- **EXCERPTED RECORDS**
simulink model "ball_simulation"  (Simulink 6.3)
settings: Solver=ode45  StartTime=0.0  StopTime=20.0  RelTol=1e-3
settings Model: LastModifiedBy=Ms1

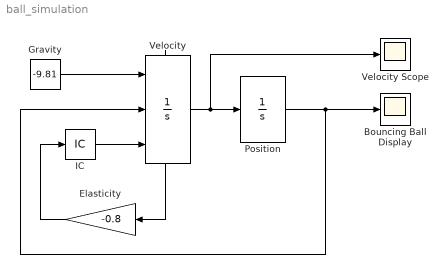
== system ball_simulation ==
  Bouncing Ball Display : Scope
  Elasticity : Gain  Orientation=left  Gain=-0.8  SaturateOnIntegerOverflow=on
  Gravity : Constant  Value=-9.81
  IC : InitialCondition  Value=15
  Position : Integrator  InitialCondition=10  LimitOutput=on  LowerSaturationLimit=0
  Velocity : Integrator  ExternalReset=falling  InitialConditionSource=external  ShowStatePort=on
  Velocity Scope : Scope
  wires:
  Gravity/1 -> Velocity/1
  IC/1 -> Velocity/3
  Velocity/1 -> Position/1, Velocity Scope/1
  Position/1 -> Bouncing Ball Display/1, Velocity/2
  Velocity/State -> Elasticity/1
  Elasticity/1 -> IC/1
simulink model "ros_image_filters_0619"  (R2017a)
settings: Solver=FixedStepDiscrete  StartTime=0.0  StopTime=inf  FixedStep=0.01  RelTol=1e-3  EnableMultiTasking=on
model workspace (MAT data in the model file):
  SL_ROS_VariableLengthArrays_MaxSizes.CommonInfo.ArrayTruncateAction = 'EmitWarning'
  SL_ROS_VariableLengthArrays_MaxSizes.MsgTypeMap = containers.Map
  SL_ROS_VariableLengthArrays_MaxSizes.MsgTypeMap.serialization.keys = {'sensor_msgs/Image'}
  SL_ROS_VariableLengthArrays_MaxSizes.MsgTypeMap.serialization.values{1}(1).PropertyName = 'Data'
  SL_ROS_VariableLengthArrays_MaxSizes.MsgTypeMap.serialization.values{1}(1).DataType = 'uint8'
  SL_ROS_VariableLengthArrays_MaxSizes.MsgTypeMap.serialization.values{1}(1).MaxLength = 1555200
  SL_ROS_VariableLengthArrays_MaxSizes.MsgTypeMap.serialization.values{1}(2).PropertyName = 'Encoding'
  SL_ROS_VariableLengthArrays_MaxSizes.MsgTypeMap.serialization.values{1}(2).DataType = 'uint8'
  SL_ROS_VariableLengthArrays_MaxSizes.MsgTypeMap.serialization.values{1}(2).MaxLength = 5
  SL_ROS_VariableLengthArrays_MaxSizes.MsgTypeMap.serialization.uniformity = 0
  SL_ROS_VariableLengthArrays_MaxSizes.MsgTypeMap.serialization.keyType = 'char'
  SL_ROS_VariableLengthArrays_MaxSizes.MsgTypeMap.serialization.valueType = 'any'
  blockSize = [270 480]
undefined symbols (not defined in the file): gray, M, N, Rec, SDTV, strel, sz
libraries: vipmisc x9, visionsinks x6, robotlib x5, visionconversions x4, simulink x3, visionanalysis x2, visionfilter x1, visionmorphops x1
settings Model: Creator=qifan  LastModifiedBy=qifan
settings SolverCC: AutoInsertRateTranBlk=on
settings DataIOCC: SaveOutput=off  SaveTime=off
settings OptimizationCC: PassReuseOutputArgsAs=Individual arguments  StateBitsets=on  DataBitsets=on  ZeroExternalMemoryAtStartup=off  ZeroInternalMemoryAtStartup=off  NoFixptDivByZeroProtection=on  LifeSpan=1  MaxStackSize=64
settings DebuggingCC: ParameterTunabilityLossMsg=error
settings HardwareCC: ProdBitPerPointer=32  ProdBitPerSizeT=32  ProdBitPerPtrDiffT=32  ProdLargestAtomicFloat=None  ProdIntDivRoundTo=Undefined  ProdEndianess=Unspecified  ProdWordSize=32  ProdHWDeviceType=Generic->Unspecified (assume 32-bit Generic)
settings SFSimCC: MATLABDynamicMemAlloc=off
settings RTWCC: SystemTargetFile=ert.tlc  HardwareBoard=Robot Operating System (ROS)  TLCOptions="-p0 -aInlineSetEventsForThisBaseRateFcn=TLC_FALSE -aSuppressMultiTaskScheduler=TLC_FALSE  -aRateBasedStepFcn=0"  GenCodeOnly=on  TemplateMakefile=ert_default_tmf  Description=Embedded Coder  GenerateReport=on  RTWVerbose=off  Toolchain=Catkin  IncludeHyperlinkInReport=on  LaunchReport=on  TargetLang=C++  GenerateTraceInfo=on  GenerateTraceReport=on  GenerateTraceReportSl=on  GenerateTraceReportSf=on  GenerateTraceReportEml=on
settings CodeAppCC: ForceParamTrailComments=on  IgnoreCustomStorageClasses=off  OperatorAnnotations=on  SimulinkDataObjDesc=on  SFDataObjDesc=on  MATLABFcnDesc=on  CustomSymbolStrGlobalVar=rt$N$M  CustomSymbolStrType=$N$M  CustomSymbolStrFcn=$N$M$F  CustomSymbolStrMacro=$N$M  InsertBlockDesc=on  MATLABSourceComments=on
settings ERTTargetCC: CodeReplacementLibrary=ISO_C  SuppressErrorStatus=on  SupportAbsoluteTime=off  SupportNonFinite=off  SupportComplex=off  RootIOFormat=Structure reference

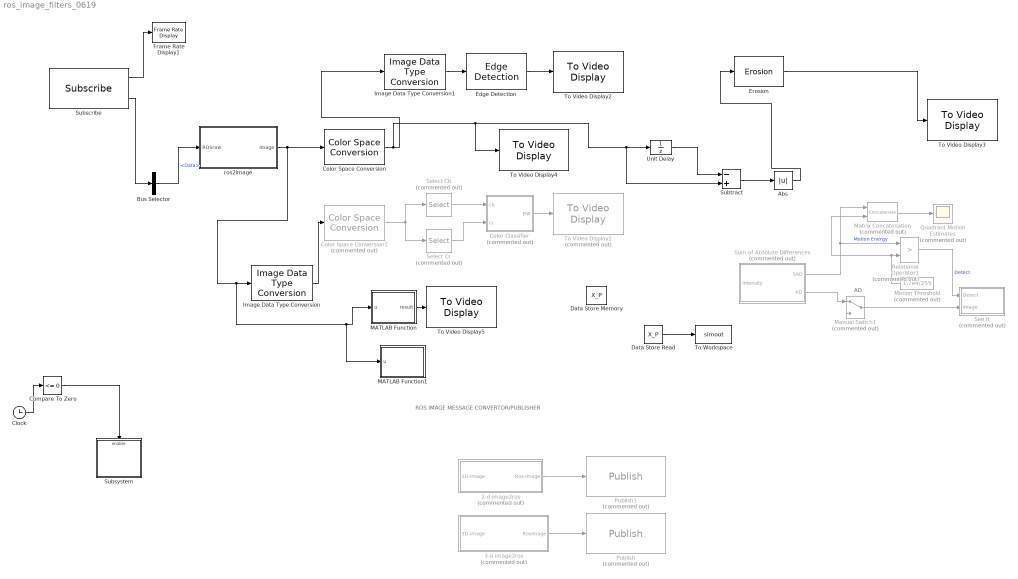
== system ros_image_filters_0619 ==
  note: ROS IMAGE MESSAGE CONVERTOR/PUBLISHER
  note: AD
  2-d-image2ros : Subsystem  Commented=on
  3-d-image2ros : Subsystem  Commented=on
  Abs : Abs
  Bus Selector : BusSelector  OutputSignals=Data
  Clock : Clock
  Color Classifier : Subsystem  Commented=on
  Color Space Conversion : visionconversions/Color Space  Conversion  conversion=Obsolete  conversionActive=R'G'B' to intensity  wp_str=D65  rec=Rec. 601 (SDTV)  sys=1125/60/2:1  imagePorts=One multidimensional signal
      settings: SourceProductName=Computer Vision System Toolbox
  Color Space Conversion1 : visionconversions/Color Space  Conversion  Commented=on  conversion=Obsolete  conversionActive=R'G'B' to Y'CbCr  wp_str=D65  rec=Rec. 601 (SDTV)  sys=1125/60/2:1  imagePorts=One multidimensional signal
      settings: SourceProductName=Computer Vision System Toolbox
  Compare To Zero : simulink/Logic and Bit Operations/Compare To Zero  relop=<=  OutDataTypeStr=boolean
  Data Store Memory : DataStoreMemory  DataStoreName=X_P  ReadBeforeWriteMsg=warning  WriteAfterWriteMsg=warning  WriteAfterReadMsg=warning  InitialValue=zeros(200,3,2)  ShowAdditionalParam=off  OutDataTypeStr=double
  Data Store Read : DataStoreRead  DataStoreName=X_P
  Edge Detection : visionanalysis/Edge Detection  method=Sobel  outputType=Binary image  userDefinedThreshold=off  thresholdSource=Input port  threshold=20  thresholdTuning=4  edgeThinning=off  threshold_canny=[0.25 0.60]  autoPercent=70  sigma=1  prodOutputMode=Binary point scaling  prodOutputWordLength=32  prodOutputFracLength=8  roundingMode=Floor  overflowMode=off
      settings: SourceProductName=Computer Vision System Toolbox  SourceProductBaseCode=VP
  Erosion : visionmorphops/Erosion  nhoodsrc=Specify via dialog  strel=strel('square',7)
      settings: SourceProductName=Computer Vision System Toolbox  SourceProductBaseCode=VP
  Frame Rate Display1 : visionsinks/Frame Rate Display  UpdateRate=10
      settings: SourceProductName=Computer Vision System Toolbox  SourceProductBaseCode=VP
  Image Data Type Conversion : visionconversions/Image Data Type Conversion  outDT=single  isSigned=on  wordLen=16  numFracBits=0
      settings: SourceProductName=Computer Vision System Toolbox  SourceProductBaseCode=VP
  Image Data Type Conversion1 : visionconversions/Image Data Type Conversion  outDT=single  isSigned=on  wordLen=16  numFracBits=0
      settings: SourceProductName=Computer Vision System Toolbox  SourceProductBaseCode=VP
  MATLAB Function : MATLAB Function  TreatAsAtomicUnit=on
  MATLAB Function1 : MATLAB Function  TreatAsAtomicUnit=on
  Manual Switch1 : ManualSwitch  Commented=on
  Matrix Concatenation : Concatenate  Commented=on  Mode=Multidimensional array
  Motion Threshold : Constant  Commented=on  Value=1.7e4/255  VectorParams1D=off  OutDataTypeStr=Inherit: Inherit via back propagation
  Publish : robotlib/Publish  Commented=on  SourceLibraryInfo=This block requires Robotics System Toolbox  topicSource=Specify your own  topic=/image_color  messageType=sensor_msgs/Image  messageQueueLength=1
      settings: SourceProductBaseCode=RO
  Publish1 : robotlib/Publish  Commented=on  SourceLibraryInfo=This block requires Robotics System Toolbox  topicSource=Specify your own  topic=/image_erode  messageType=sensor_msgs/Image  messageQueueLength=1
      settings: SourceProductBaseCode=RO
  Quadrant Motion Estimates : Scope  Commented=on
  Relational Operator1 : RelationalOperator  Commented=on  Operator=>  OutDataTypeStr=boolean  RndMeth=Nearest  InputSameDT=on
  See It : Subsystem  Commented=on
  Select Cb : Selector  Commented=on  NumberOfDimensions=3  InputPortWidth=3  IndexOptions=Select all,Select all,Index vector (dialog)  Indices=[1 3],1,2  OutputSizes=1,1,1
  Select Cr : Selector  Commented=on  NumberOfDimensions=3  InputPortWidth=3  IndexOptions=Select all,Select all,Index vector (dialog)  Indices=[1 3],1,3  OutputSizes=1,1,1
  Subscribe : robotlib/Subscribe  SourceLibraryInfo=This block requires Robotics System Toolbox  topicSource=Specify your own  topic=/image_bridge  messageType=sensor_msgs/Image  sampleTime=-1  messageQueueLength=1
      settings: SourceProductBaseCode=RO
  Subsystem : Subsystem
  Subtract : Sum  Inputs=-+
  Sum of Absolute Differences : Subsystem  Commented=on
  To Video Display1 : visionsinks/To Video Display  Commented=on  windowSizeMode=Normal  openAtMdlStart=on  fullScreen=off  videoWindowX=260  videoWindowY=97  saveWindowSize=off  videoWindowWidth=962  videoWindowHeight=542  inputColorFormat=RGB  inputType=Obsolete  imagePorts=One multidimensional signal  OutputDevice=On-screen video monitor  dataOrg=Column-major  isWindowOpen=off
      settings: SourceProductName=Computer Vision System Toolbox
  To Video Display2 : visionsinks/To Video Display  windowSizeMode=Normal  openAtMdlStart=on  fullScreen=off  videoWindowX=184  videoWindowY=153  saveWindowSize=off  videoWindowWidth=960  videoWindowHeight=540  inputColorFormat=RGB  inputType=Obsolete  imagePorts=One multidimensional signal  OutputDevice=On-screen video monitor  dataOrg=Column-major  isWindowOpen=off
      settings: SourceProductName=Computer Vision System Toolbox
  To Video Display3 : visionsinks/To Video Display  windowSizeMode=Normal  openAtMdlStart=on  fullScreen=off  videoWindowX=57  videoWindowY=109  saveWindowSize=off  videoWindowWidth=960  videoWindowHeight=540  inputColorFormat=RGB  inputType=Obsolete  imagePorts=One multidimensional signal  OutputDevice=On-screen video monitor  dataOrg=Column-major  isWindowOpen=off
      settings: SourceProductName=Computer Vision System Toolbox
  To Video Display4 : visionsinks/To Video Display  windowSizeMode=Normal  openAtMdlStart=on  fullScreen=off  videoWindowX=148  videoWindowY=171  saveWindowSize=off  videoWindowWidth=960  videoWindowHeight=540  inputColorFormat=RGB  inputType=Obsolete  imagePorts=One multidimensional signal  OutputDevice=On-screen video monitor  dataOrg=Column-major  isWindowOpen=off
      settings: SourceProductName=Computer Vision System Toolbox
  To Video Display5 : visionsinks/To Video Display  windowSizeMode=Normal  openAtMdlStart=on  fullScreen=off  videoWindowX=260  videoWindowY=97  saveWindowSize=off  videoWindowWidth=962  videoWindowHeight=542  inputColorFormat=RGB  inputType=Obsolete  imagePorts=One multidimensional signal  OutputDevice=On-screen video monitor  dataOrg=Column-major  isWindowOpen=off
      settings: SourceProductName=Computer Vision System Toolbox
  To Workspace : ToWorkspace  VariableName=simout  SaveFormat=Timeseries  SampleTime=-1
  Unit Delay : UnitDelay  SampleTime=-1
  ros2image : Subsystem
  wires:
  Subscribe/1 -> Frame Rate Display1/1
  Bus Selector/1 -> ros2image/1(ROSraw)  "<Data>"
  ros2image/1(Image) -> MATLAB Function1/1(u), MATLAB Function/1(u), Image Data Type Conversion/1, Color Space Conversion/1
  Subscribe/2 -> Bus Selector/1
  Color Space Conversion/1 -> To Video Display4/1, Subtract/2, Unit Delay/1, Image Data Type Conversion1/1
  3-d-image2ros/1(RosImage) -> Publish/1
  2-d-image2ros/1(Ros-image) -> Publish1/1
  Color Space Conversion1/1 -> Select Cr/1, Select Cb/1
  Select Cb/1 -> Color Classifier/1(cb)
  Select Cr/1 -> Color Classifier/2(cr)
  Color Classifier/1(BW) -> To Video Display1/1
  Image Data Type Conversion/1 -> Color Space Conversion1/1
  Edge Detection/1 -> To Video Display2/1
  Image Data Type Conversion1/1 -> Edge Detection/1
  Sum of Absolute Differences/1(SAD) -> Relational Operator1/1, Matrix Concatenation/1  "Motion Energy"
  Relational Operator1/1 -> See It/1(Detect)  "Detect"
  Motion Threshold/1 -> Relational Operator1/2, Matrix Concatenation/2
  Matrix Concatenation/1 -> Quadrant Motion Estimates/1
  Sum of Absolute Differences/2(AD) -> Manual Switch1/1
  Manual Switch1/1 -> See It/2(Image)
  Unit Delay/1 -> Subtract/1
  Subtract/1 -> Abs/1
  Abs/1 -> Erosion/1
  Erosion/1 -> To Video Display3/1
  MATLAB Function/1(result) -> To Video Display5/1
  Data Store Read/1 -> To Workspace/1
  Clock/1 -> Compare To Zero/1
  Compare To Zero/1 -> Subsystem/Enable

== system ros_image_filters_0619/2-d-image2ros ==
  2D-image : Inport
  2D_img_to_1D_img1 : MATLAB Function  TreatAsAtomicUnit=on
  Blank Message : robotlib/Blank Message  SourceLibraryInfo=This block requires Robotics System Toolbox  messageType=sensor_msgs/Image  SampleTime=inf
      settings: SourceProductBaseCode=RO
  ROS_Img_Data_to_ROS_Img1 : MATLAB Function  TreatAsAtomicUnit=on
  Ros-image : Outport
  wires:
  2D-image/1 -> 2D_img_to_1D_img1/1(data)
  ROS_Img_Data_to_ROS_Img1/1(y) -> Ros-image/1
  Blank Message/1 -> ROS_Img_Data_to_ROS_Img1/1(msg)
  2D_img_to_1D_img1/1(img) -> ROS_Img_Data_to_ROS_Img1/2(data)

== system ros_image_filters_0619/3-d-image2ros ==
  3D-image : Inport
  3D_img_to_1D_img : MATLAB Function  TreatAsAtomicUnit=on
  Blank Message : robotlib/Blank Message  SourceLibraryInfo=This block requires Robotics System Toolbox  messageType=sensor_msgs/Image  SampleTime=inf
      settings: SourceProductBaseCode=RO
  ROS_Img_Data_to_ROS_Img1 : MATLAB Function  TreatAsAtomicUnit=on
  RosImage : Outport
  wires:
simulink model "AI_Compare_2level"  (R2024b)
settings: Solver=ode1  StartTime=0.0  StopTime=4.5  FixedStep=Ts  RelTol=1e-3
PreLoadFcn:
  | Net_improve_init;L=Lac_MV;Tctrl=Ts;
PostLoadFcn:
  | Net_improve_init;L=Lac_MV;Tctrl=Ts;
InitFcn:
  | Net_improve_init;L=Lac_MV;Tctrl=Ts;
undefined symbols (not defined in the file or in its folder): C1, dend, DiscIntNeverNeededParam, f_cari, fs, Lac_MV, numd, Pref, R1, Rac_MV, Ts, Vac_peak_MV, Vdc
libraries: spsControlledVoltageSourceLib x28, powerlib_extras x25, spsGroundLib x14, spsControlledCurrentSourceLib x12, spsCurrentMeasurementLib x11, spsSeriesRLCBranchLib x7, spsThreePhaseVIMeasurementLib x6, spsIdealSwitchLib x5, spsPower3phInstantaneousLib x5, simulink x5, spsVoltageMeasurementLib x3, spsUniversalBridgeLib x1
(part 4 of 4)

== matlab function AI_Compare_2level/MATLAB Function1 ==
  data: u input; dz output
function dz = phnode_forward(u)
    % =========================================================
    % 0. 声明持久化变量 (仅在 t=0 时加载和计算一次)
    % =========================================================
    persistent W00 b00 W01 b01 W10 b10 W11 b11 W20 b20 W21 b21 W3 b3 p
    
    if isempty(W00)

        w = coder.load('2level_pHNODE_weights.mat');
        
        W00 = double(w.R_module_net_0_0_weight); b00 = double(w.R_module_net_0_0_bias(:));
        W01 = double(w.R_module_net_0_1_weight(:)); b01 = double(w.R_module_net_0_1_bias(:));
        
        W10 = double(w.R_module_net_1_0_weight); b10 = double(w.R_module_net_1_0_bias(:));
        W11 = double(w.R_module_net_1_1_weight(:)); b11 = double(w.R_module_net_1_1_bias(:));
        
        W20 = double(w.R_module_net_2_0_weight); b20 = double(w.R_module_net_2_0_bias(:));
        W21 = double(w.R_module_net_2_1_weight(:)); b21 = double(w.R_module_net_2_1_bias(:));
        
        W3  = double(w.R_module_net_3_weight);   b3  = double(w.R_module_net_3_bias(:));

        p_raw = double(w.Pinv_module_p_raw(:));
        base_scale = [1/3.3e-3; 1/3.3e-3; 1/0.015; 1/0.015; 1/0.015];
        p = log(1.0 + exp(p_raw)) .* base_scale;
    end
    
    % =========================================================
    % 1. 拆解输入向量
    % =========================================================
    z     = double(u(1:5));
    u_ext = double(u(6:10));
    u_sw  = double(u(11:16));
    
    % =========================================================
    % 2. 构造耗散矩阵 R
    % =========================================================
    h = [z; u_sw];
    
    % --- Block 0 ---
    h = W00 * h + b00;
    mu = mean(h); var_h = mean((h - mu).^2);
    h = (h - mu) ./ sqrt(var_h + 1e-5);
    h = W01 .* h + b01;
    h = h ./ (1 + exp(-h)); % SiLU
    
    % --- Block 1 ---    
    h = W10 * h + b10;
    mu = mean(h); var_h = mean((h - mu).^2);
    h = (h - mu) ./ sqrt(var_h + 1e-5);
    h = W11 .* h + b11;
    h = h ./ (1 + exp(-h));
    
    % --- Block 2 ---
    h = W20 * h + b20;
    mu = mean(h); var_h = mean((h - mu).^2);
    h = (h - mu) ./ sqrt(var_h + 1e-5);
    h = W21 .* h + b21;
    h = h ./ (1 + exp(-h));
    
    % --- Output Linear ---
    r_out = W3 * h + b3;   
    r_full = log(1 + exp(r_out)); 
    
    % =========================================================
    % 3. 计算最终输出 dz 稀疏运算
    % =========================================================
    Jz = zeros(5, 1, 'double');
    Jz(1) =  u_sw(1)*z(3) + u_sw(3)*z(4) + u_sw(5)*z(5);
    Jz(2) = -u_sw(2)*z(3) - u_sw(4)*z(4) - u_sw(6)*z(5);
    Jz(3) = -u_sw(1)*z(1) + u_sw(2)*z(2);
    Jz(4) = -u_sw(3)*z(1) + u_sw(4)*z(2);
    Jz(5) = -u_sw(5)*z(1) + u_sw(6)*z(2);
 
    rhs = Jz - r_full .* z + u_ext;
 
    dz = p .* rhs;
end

- **TASK DETAILS**
Start at the first line of the records and write out everything up to and including the line containing "Bouncing Ball Display : Scope". No pictures.

- **WRITTEN RESPONSE**
simulink model "ball_simulation"  (Simulink 6.3)
settings: Solver=ode45  StartTime=0.0  StopTime=20.0  RelTol=1e-3
settings Model: LastModifiedBy=Ms1

== system ball_simulation ==
  Bouncing Ball Display : Scope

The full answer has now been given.